The Chloroalkoxide Route to Transition Metal Oxides. Synthesis of V2O5 Thin Films and Powders from a Vanadium Chloromethoxide

详细信息    查看全文

• 作者：Mauro Epifani ; Teresa Andreu ; Carlos R. Magana ; Jordi Arbiol ; Pietro Siciliano ; Massimiliano D’ ; Arienzo ; Roberto Scotti ; Franca Morazzoni ; Joan R. Morante
• 刊名：Chemistry of Materials
• 出版年：2009
• 出版时间：April 28, 2009
• 年：2009
• 卷：21
• 期：8
• 页码：1618-1626
• 全文大小：283K
• 年卷期：v.21,no.8(April 28, 2009)
• ISSN：1520-5002

文摘

Vanadium chloromethoxide was prepared by the methanolysis of VCl₄. The addition of water with a H₂O:vanadium molar ratio ranging between 0 and 16 changed the solution color from green to deep blue at a rate increasing with water concentration. UV−vis, Fourier transform infrared, Raman, and electron paramagnetic resonance spectroscopy investigations showed that VCl₄ precursor is initially methanolyzed to (VO)Cl_x(OCH₃)_y (x + y = 4) monomers. Upon water addition, methoxo ligands undergo hydrolysis. The presence of chlorine ligands and of the vanadyl group explains the long-term stability of the solutions. V₂O₅ thin films and powders were prepared, respectively, by spin-coating onto silicon substrates and drying of the solutions, followed by heat-treatments at temperatures up to 500 °C. Films and powder precursors were characterized by X-ray diffraction, FTIR, Raman, UV−vis, and EPR spectroscopy, transmission electron microscopy, and thermal analyses. The structural evolution begins by condensation of the initial monomers to form amorphous structures with poor extension of the three-dimensional network.
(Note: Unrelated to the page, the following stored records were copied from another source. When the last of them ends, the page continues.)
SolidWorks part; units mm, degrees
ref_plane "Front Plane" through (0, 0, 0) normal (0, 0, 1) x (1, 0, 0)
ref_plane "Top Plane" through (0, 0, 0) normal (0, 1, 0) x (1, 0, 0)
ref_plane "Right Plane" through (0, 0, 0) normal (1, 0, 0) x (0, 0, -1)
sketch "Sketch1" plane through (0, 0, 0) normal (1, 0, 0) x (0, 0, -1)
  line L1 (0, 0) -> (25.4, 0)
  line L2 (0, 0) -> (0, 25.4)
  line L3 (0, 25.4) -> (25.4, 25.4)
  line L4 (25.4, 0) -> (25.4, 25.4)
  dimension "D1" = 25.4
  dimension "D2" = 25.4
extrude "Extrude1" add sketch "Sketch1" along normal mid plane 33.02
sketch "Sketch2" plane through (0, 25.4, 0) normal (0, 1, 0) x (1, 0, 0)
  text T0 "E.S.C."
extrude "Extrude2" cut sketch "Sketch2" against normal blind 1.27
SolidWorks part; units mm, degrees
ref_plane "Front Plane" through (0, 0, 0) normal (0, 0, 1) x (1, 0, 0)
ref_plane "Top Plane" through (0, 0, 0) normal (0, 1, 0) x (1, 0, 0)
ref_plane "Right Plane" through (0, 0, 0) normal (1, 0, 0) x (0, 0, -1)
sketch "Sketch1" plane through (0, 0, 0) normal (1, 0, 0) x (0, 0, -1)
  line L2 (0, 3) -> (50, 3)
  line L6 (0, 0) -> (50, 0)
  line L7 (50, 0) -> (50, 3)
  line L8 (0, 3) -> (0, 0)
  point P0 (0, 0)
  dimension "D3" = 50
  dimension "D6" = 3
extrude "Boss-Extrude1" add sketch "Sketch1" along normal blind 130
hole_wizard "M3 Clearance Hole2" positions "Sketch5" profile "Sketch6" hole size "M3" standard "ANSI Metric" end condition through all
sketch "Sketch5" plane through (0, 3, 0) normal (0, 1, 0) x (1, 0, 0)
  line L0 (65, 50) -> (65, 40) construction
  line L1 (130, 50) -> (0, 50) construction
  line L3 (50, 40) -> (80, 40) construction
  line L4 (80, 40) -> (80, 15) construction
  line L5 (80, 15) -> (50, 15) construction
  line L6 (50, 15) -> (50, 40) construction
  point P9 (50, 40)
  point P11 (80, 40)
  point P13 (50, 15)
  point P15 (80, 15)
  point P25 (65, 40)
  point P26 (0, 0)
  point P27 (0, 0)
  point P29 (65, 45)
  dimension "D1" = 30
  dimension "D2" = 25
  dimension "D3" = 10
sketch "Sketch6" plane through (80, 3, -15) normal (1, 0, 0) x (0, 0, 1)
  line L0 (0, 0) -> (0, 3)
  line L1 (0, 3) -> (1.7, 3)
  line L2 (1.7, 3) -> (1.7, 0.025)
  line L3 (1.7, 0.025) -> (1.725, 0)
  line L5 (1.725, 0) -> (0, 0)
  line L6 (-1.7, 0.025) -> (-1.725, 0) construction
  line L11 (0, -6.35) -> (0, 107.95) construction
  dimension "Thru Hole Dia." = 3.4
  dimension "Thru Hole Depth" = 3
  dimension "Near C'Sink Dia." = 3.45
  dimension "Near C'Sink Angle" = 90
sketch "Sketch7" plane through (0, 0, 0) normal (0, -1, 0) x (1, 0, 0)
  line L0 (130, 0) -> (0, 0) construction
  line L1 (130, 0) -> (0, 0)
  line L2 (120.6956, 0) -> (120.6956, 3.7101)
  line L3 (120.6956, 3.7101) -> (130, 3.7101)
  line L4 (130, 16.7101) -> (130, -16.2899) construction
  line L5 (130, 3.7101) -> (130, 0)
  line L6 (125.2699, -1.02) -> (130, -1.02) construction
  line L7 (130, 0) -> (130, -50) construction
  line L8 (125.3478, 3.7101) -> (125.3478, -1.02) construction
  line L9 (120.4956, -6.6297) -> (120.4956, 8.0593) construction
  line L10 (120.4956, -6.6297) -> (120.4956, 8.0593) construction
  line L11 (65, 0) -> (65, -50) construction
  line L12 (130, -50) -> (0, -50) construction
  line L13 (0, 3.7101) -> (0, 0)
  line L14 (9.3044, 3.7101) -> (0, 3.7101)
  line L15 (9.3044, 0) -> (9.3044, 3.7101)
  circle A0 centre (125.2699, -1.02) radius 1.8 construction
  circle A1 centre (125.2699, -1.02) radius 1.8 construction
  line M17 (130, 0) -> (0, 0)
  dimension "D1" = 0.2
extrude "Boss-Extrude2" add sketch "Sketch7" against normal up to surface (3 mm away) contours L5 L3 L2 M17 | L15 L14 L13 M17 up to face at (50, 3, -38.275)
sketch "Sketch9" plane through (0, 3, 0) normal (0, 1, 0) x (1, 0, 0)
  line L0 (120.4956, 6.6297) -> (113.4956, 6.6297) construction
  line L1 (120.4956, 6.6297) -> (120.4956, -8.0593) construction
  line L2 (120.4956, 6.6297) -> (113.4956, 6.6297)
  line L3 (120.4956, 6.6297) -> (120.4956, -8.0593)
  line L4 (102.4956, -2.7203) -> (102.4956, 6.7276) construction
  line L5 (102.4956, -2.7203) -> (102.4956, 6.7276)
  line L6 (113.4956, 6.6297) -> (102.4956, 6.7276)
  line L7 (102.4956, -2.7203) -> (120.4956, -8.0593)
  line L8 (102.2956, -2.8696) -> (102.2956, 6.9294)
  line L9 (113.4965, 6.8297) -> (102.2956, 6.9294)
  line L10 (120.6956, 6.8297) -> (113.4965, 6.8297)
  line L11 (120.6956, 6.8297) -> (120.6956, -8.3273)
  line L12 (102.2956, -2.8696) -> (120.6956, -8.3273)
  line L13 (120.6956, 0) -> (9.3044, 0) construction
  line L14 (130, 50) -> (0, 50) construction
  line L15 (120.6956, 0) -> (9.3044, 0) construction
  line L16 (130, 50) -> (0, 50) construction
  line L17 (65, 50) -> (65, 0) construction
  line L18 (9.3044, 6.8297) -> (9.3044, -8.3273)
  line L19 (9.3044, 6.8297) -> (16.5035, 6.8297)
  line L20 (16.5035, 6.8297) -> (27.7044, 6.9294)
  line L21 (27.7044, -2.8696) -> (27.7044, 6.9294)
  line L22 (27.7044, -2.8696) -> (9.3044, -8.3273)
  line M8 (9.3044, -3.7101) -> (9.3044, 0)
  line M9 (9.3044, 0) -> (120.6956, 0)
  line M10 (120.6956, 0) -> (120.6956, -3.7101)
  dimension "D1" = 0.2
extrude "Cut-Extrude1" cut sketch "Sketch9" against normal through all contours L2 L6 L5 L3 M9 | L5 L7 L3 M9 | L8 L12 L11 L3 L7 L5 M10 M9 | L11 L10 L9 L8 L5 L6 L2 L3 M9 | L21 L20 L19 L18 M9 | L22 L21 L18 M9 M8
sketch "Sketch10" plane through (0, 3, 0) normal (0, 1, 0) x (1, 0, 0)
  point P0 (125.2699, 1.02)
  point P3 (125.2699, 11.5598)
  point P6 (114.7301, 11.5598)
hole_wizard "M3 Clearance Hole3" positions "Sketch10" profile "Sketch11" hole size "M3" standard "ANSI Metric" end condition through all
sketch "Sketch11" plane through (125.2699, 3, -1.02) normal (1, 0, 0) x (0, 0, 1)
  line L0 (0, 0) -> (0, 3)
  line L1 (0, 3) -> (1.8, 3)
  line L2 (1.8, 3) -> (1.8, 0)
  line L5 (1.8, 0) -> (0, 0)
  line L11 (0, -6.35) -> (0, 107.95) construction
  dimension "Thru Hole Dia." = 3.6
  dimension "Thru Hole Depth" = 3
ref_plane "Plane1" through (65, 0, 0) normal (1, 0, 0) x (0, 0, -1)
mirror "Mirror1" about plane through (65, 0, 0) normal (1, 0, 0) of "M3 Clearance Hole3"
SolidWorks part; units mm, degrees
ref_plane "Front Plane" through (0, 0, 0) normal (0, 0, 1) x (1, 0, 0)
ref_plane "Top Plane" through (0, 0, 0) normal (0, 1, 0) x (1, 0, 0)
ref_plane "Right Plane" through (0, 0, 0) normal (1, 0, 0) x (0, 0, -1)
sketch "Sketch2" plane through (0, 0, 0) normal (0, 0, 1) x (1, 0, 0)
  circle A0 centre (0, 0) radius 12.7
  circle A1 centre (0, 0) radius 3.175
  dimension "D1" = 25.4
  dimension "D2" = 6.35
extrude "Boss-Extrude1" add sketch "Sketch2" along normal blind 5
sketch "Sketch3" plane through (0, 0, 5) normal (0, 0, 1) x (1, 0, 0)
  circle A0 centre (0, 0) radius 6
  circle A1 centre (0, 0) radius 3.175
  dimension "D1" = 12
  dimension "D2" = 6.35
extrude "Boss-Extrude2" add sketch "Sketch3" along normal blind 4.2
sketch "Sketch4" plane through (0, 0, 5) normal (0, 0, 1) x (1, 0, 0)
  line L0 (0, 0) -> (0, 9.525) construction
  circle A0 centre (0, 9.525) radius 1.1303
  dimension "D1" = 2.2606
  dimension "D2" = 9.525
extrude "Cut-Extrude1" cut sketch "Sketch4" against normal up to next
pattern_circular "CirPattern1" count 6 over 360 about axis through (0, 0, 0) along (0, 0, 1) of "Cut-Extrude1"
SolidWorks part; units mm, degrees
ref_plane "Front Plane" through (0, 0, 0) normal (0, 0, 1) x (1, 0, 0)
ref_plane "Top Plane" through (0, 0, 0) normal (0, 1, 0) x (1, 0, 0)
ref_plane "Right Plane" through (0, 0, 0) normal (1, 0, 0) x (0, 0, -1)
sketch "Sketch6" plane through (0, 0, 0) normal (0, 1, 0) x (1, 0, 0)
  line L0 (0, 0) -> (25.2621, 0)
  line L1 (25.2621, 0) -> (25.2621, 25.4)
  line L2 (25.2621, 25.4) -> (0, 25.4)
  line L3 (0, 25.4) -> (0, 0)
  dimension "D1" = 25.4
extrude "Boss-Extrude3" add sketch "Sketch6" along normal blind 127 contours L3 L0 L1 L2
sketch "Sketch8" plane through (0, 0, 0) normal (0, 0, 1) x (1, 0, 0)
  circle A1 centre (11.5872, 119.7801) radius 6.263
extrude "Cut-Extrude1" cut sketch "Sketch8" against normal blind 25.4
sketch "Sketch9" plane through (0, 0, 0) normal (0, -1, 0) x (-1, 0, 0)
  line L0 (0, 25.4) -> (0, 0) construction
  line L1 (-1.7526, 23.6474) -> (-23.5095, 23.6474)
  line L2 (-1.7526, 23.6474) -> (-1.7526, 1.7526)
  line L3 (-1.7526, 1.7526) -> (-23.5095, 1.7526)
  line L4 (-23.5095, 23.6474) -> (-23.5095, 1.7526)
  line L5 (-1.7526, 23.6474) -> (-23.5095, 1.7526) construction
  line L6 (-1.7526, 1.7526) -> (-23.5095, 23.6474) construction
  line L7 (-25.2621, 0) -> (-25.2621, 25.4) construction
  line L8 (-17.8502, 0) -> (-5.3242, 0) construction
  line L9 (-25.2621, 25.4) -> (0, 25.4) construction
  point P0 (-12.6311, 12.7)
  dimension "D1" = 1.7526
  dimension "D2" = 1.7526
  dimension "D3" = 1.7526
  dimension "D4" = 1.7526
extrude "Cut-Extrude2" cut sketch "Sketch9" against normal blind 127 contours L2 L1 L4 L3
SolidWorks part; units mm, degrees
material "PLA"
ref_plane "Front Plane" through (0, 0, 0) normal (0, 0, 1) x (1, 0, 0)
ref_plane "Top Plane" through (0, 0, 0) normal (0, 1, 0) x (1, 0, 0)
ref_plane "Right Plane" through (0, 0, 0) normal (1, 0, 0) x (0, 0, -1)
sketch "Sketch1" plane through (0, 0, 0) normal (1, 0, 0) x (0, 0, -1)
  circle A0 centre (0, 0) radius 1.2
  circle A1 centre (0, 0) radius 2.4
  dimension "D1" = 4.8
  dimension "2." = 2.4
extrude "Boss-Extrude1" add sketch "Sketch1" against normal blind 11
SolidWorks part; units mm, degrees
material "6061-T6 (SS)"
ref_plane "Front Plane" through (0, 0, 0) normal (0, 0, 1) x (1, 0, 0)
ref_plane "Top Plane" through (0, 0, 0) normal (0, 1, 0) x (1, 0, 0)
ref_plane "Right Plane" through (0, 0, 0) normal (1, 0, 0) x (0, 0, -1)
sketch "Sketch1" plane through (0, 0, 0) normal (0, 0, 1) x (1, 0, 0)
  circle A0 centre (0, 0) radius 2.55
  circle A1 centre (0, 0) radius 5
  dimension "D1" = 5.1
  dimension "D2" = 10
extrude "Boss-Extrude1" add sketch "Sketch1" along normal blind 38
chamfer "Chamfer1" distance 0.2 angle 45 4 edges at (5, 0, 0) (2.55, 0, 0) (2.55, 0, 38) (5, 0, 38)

Heat-treatment at higher temperatures induces further condensation and the elimination of the chlorine ligands, which leave an oxygen-defective structure and cause the initial formation of substoichiometric V₃O₇ phase. When the samples were annealed at T ≥ 400 °C, only the V₂O₅ phase was found. V₂O₅ powders annealed at 500 °C were used in chemoresistive gas sensing devices and were able to detect reducing gases such as ammonia and ethanol over a broad range of concentrations by stable and reliable signal.